TASK ITEM → A bare number is the only acceptable answer: how many lines of these entries include "Double"?

==================================================

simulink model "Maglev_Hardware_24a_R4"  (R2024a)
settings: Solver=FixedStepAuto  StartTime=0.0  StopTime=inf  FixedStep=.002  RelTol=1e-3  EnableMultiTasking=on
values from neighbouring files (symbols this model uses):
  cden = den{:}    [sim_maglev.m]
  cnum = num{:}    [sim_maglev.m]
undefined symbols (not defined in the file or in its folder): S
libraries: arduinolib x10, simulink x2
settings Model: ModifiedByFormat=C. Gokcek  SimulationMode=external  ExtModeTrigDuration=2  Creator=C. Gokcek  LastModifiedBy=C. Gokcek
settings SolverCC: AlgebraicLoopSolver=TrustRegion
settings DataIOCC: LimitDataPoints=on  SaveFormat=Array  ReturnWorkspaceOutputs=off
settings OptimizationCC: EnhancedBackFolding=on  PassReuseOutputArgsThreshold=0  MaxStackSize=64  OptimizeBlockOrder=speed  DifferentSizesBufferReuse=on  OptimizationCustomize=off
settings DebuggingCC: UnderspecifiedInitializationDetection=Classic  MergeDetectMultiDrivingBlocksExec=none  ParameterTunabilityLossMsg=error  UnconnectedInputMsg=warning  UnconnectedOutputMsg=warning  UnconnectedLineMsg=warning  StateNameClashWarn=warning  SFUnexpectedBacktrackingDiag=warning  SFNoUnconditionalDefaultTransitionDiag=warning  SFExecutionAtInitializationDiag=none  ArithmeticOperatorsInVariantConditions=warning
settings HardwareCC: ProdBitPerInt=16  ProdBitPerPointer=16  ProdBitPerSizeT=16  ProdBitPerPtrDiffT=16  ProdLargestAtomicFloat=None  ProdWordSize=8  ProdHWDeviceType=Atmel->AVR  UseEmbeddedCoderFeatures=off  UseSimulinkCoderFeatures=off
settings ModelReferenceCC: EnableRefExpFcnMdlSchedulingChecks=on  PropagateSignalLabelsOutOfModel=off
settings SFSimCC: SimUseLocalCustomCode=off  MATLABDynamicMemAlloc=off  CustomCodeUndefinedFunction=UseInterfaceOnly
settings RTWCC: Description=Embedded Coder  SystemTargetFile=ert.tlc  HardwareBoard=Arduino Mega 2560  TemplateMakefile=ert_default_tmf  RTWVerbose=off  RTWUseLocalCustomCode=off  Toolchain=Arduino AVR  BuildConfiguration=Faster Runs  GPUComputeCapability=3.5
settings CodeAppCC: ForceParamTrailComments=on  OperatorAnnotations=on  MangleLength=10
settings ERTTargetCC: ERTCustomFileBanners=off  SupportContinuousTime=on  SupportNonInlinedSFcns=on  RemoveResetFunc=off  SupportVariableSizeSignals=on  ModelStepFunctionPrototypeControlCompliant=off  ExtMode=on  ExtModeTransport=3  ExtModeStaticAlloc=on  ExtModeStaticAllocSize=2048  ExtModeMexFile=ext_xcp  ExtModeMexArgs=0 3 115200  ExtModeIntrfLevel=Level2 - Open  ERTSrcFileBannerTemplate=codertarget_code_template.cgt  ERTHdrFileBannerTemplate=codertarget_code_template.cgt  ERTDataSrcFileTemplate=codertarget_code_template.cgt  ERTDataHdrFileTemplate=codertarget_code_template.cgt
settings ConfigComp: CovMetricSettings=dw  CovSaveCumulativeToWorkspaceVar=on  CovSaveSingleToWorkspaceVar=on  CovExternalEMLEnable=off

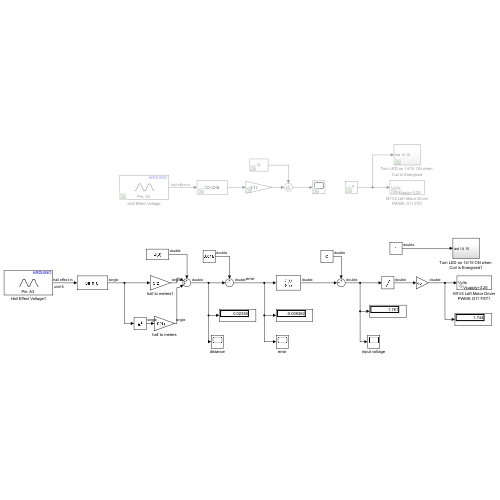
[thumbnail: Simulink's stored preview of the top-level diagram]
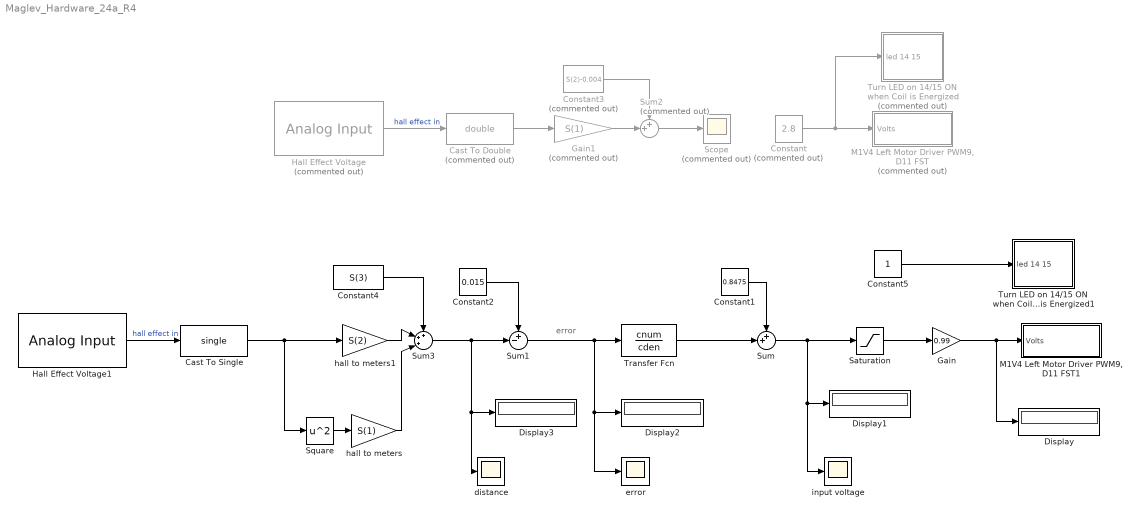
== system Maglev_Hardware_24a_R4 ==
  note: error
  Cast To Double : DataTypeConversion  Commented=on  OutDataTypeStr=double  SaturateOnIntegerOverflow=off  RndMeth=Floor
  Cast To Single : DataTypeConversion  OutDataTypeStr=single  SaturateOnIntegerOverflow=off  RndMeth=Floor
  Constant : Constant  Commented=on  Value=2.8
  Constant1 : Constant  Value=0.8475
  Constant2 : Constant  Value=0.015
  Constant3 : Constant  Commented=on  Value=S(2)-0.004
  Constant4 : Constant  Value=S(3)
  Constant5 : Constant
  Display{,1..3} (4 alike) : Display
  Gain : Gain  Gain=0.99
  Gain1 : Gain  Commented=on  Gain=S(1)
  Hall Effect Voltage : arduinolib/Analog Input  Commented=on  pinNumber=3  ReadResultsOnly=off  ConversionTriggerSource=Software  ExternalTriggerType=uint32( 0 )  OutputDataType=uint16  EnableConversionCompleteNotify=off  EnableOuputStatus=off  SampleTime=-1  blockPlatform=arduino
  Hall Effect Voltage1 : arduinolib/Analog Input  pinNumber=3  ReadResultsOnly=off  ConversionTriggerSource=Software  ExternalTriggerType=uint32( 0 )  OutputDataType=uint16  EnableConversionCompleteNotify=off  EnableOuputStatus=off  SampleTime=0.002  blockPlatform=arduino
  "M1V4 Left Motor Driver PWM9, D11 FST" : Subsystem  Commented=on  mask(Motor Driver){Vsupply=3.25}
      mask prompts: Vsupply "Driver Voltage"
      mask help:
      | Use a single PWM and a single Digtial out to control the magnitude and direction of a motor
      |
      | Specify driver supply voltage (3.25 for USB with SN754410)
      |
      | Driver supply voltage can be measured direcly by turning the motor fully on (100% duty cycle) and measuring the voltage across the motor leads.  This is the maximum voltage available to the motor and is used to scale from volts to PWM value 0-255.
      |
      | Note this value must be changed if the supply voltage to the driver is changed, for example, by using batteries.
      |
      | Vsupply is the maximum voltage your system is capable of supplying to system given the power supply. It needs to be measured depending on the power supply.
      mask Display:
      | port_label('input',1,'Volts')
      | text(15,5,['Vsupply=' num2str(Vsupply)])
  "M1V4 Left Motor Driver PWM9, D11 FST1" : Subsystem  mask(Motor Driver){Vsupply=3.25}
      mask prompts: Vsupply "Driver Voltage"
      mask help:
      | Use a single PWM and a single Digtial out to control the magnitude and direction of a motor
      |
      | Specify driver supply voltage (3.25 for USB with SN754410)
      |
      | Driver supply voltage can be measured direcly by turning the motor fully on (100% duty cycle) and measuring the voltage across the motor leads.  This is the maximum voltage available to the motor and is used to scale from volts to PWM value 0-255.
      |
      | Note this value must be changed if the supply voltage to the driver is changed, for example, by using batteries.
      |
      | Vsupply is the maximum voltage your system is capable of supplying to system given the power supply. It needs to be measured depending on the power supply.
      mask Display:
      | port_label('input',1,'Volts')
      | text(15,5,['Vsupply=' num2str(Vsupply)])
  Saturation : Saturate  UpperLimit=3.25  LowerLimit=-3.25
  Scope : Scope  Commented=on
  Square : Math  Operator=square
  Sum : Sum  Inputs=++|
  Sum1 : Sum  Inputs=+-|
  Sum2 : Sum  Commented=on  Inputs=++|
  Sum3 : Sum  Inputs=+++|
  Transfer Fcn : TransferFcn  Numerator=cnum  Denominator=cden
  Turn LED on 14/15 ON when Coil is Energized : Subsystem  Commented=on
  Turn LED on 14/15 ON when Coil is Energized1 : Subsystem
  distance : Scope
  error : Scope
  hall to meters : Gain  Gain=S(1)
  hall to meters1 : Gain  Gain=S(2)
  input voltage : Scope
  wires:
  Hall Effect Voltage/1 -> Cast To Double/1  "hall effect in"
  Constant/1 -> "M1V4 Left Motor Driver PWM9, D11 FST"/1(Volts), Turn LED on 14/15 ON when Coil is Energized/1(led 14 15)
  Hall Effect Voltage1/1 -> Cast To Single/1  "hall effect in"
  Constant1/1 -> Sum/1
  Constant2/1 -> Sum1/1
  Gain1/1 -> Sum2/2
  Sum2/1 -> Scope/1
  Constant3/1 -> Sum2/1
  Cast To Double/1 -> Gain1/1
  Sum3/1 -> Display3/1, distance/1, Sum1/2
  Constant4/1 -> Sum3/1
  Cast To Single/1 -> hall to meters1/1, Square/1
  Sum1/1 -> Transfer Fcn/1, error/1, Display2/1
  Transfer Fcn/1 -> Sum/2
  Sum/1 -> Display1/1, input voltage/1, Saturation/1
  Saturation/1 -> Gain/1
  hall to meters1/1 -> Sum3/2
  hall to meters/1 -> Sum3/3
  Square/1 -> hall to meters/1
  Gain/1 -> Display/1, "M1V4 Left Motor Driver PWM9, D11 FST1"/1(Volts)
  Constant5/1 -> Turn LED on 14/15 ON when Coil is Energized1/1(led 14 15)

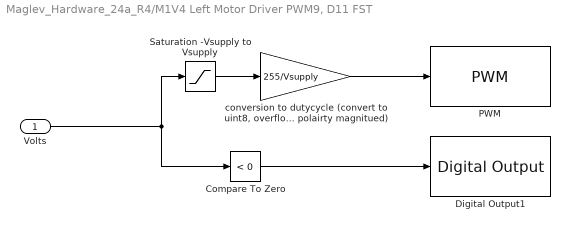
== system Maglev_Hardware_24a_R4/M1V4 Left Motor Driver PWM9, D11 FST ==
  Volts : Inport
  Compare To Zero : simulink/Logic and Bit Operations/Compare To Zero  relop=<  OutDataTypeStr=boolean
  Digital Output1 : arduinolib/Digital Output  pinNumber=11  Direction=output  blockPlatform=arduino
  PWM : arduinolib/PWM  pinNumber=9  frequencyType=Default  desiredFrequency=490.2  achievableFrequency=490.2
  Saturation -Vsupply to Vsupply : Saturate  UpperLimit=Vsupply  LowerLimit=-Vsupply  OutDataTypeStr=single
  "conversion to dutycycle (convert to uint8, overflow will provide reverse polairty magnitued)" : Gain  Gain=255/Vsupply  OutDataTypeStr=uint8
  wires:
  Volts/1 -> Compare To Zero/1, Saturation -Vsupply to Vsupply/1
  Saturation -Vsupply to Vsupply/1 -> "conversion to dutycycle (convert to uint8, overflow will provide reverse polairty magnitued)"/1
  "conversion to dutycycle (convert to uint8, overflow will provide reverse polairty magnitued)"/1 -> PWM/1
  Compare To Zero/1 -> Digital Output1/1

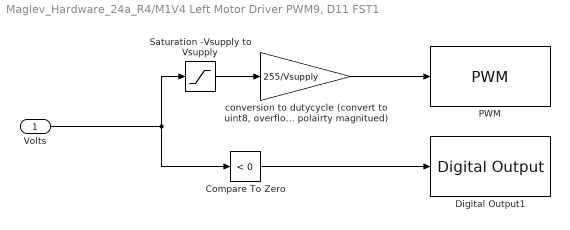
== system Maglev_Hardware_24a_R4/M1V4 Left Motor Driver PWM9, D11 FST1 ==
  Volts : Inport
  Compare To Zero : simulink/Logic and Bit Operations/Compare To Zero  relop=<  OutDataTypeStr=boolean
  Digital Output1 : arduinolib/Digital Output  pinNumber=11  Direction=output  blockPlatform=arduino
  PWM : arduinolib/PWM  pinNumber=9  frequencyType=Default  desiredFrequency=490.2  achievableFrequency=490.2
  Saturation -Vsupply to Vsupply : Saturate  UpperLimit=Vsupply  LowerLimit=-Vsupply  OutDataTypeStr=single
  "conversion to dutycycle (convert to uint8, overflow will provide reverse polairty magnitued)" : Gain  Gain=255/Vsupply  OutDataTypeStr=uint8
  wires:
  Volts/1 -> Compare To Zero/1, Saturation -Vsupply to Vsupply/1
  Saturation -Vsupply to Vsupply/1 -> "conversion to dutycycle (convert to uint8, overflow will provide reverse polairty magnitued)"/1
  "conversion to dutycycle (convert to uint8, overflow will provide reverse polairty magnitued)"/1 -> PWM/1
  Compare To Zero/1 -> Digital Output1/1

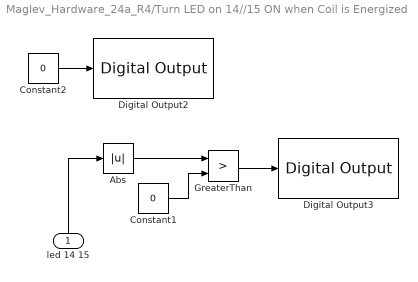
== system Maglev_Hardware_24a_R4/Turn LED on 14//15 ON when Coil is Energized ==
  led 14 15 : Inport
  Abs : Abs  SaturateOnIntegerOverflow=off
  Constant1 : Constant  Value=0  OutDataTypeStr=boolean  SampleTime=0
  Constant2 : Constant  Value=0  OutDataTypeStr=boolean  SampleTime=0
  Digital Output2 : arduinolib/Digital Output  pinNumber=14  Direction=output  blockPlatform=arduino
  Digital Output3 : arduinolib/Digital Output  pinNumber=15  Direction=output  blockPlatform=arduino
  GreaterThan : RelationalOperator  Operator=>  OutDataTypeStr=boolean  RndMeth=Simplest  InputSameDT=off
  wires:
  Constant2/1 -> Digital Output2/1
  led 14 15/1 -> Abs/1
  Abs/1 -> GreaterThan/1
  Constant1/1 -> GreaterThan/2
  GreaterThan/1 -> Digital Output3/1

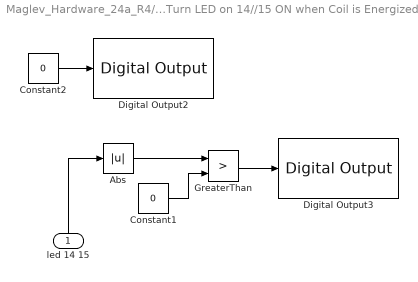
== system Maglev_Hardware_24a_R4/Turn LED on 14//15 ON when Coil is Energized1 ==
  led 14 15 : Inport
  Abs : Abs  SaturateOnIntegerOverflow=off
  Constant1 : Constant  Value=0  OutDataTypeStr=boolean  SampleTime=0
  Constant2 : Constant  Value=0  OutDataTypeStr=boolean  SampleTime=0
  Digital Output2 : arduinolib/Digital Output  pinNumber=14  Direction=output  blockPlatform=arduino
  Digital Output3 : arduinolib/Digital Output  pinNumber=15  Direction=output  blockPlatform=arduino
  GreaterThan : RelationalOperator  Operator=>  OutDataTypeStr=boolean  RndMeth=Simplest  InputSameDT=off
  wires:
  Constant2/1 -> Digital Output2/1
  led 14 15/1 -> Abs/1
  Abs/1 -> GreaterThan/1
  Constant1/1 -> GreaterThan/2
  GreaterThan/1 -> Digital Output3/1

==================================================

YOUR RESPONSE → 3